2. A circuit interrupter according to claim 1, characterized by two cylinders of different diameter, the larger diameter one acting upon the gas flow after the smaller diameter one.

3. A circuit interrupter according to claim 2, characterized in that both cylinders form a contiguous stepped structure.

4. A circuit interrupter according to one of claims 1 or 2, characterized in that both cylinders (3a, 3b) are separated by a channel, which guides the movable contact (5) and which controls the freeing of a through-hole (5b, 5c) in the movable contact rod (5) for connecting both cylinders.

5. A circuit interrupter according to one of the claims 2 to 4, characterized in that both pistons are fixed to the moveable contact.

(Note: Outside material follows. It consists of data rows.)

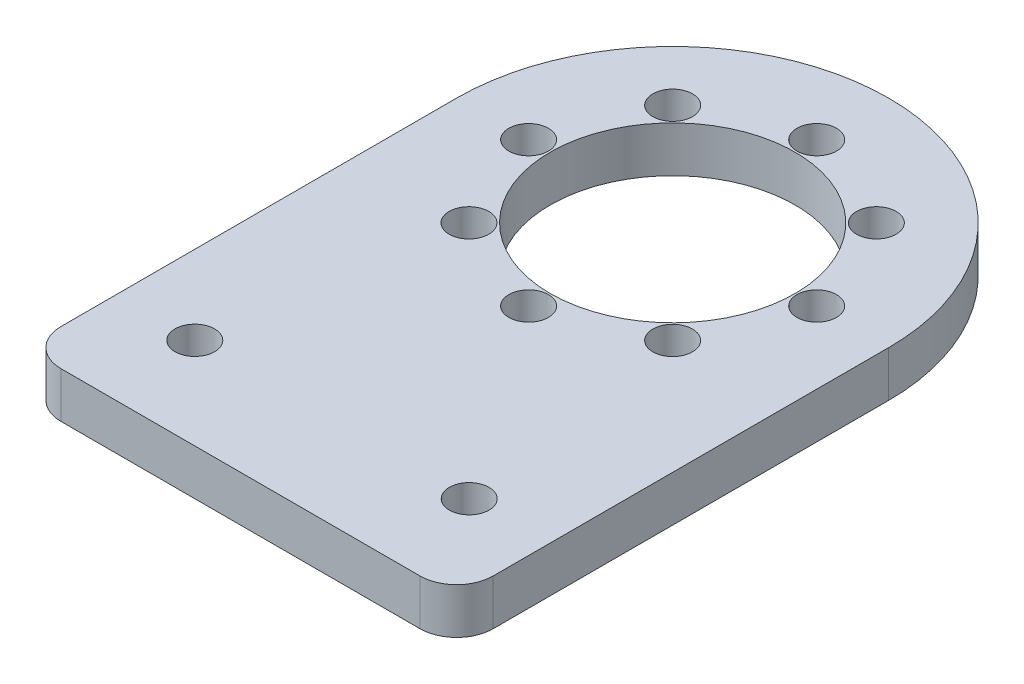
ISO-10303-21;
HEADER;
FILE_DESCRIPTION(('STEP AP214'),'2;1');
FILE_NAME('part.step','',(''),(''),'','','');
FILE_SCHEMA(('AUTOMOTIVE_DESIGN { 1 0 10303 214 1 1 1 1 }'));
ENDSEC;
DATA;
#1=APPLICATION_CONTEXT('core data for automotive mechanical design processes');
#2=APPLICATION_PROTOCOL_DEFINITION('international standard','automotive_design',2000,#1);
#3=PRODUCT_CONTEXT('',#1,'mechanical');
#4=PRODUCT('Part','Part','',(#3));
#5=PRODUCT_RELATED_PRODUCT_CATEGORY('part','',(#4));
#6=PRODUCT_DEFINITION_FORMATION('','',#4);
#7=PRODUCT_DEFINITION_CONTEXT('part definition',#1,'design');
#8=PRODUCT_DEFINITION('design','',#6,#7);
#9=PRODUCT_DEFINITION_SHAPE('','',#8);
#10=(LENGTH_UNIT() NAMED_UNIT(*) SI_UNIT(.MILLI.,.METRE.));
#11=(NAMED_UNIT(*) PLANE_ANGLE_UNIT() SI_UNIT($,.RADIAN.));
#12=(NAMED_UNIT(*) SI_UNIT($,.STERADIAN.) SOLID_ANGLE_UNIT());
#13=UNCERTAINTY_MEASURE_WITH_UNIT(LENGTH_MEASURE(1.E-05),#10,'distance_accuracy_value','');
#14=(GEOMETRIC_REPRESENTATION_CONTEXT(3) GLOBAL_UNCERTAINTY_ASSIGNED_CONTEXT((#13)) GLOBAL_UNIT_ASSIGNED_CONTEXT((#10,
#11,#12)) REPRESENTATION_CONTEXT('',''));
#15=CARTESIAN_POINT('',(0.,0.,0.));
#16=DIRECTION('',(0.,0.,1.));
#17=DIRECTION('',(1.,0.,0.));
#18=AXIS2_PLACEMENT_3D('',#15,#16,#17);
#19=CARTESIAN_POINT('',(0.,6.35,0.));
#20=DIRECTION('',(-1.,0.,0.));
#21=DIRECTION('',(0.,0.,1.));
#22=AXIS2_PLACEMENT_3D('',#19,#20,#21);
#23=PLANE('',#22);
#24=DIRECTION('',(0.,0.,-1.));
#25=VECTOR('',#24,1.);
#26=CARTESIAN_POINT('',(0.,0.,0.));
#27=LINE('',#26,#25);
#28=CARTESIAN_POINT('',(0.,0.,-5.08));
#29=VERTEX_POINT('',#28);
#30=CARTESIAN_POINT('',(0.,0.,-60.));
#31=VERTEX_POINT('',#30);
#32=EDGE_CURVE('E116',#29,#31,#27,.T.);
#33=ORIENTED_EDGE('',*,*,#32,.F.);
#34=DIRECTION('',(0.,-1.,0.));
#35=VECTOR('',#34,1.);
#36=CARTESIAN_POINT('',(0.,6.35,-5.08));
#37=LINE('',#36,#35);
#38=CARTESIAN_POINT('',(0.,6.35,-5.08));
#39=VERTEX_POINT('',#38);
#40=EDGE_CURVE('E11',#29,#39,#37,.F.);
#41=ORIENTED_EDGE('',*,*,#40,.T.);
#42=DIRECTION('',(0.,0.,-1.));
#43=VECTOR('',#42,1.);
#44=CARTESIAN_POINT('',(0.,6.35,0.));
#45=LINE('',#44,#43);
#46=CARTESIAN_POINT('',(0.,6.35,-60.));
#47=VERTEX_POINT('',#46);
#48=EDGE_CURVE('E123',#39,#47,#45,.T.);
#49=ORIENTED_EDGE('',*,*,#48,.T.);
#50=DIRECTION('',(0.,-1.,0.));
#51=VECTOR('',#50,1.);
#52=CARTESIAN_POINT('',(0.,6.35,-60.));
#53=LINE('',#52,#51);
#54=EDGE_CURVE('E108',#47,#31,#53,.T.);
#55=ORIENTED_EDGE('',*,*,#54,.T.);
#56=EDGE_LOOP('',(#33,#41,#49,#55));
#57=FACE_BOUND('',#56,.T.);
#58=ADVANCED_FACE('F33',(#57),#23,.T.);
#59=CARTESIAN_POINT('',(0.,6.35,0.));
#60=DIRECTION('',(0.,0.,-1.));
#61=DIRECTION('',(-1.,0.,0.));
#62=AXIS2_PLACEMENT_3D('',#59,#60,#61);
#63=PLANE('',#62);
#64=DIRECTION('',(1.,0.,0.));
#65=VECTOR('',#64,1.);
#66=CARTESIAN_POINT('',(0.,0.,0.));
#67=LINE('',#66,#65);
#68=CARTESIAN_POINT('',(5.08,0.,0.));
#69=VERTEX_POINT('',#68);
#70=CARTESIAN_POINT('',(54.92,0.,0.));
#71=VERTEX_POINT('',#70);
#72=EDGE_CURVE('E118',#69,#71,#67,.T.);
#73=ORIENTED_EDGE('',*,*,#72,.T.);
#74=DIRECTION('',(0.,-1.,0.));
#75=VECTOR('',#74,1.);
#76=CARTESIAN_POINT('',(54.92,6.35,0.));
#77=LINE('',#76,#75);
#78=CARTESIAN_POINT('',(54.92,6.35,0.));
#79=VERTEX_POINT('',#78);
#80=EDGE_CURVE('E54',#71,#79,#77,.F.);
#81=ORIENTED_EDGE('',*,*,#80,.T.);
#82=DIRECTION('',(1.,0.,0.));
#83=VECTOR('',#82,1.);
#84=CARTESIAN_POINT('',(0.,6.35,0.));
#85=LINE('',#84,#83);
#86=CARTESIAN_POINT('',(5.08,6.35,0.));
#87=VERTEX_POINT('',#86);
#88=EDGE_CURVE('E97',#87,#79,#85,.T.);
#89=ORIENTED_EDGE('',*,*,#88,.F.);
#90=DIRECTION('',(0.,-1.,0.));
#91=VECTOR('',#90,1.);
#92=CARTESIAN_POINT('',(5.08,0.,0.));
#93=LINE('',#92,#91);
#94=EDGE_CURVE('E130',#87,#69,#93,.T.);
#95=ORIENTED_EDGE('',*,*,#94,.T.);
#96=EDGE_LOOP('',(#73,#81,#89,#95));
#97=FACE_BOUND('',#96,.T.);
#98=ADVANCED_FACE('F138',(#97),#63,.F.);
#99=CARTESIAN_POINT('',(60.,6.35,0.));
#100=DIRECTION('',(-1.,0.,0.));
#101=DIRECTION('',(0.,0.,1.));
#102=AXIS2_PLACEMENT_3D('',#99,#100,#101);
#103=PLANE('',#102);
#104=DIRECTION('',(0.,0.,-1.));
#105=VECTOR('',#104,1.);
#106=CARTESIAN_POINT('',(60.,6.35,0.));
#107=LINE('',#106,#105);
#108=CARTESIAN_POINT('',(60.,6.35,-5.08));
#109=VERTEX_POINT('',#108);
#110=CARTESIAN_POINT('',(60.,6.35,-60.));
#111=VERTEX_POINT('',#110);
#112=EDGE_CURVE('E87',#109,#111,#107,.T.);
#113=ORIENTED_EDGE('',*,*,#112,.F.);
#114=DIRECTION('',(0.,-1.,0.));
#115=VECTOR('',#114,1.);
#116=CARTESIAN_POINT('',(60.,6.35,-5.08));
#117=LINE('',#116,#115);
#118=CARTESIAN_POINT('',(60.,0.,-5.08));
#119=VERTEX_POINT('',#118);
#120=EDGE_CURVE('E107',#109,#119,#117,.T.);
#121=ORIENTED_EDGE('',*,*,#120,.T.);
#122=DIRECTION('',(0.,0.,-1.));
#123=VECTOR('',#122,1.);
#124=CARTESIAN_POINT('',(60.,0.,0.));
#125=LINE('',#124,#123);
#126=CARTESIAN_POINT('',(60.,0.,-60.));
#127=VERTEX_POINT('',#126);
#128=EDGE_CURVE('E103',#119,#127,#125,.T.);
#129=ORIENTED_EDGE('',*,*,#128,.T.);
#130=DIRECTION('',(0.,-1.,0.));
#131=VECTOR('',#130,1.);
#132=CARTESIAN_POINT('',(60.,6.35,-60.));
#133=LINE('',#132,#131);
#134=EDGE_CURVE('E100',#111,#127,#133,.T.);
#135=ORIENTED_EDGE('',*,*,#134,.F.);
#136=EDGE_LOOP('',(#113,#121,#129,#135));
#137=FACE_BOUND('',#136,.T.);
#138=ADVANCED_FACE('F101',(#137),#103,.F.);
#139=CARTESIAN_POINT('',(30.,6.35,-60.));
#140=DIRECTION('',(0.,-1.,0.));
#141=DIRECTION('',(0.,0.,-1.));
#142=AXIS2_PLACEMENT_3D('',#139,#140,#141);
#143=CYLINDRICAL_SURFACE('',#142,30.);
#144=CARTESIAN_POINT('',(30.,0.,-60.));
#145=DIRECTION('',(0.,1.,0.));
#146=DIRECTION('',(0.,0.,1.));
#147=AXIS2_PLACEMENT_3D('',#144,#145,#146);
#148=CIRCLE('',#147,30.);
#149=EDGE_CURVE('E122',#127,#31,#148,.T.);
#150=ORIENTED_EDGE('',*,*,#149,.T.);
#151=ORIENTED_EDGE('',*,*,#54,.F.);
#152=CARTESIAN_POINT('',(30.,6.35,-60.));
#153=DIRECTION('',(0.,1.,0.));
#154=DIRECTION('',(0.,0.,1.));
#155=AXIS2_PLACEMENT_3D('',#152,#153,#154);
#156=CIRCLE('',#155,30.);
#157=EDGE_CURVE('E91',#111,#47,#156,.T.);
#158=ORIENTED_EDGE('',*,*,#157,.F.);
#159=ORIENTED_EDGE('',*,*,#134,.T.);
#160=EDGE_LOOP('',(#150,#151,#158,#159));
#161=FACE_BOUND('',#160,.T.);
#162=ADVANCED_FACE('F110',(#161),#143,.T.);
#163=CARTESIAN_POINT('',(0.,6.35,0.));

6. A circuit interrupter according to claim 2, characterized in that the smaller diameter piston (8a) and the larger diameter cylinder (3b) are fixed to the moveable contact (5).

7. A circuit interrupter according to claim 6, characterized by a through hole (5a) within the moveable contact (5) cooperating with a guide sleeve for controlling the connection between both cylinders.

8. A circuit interrupter according to claim 1, characterized in that at least two cylinders (3c, 3d) are arranged coaxially, whereby the piston (8d) for the larger diameter cylinder (3d) is fixed to the outer surface of the smaller diameter cylinder (3c) and whereby either the smaller diameter cylinder (3c) is fixed to the movable contact or the smaller diameter piston (8c) and the larger diameter cylinder (3d) are fixed to the movable contact (5).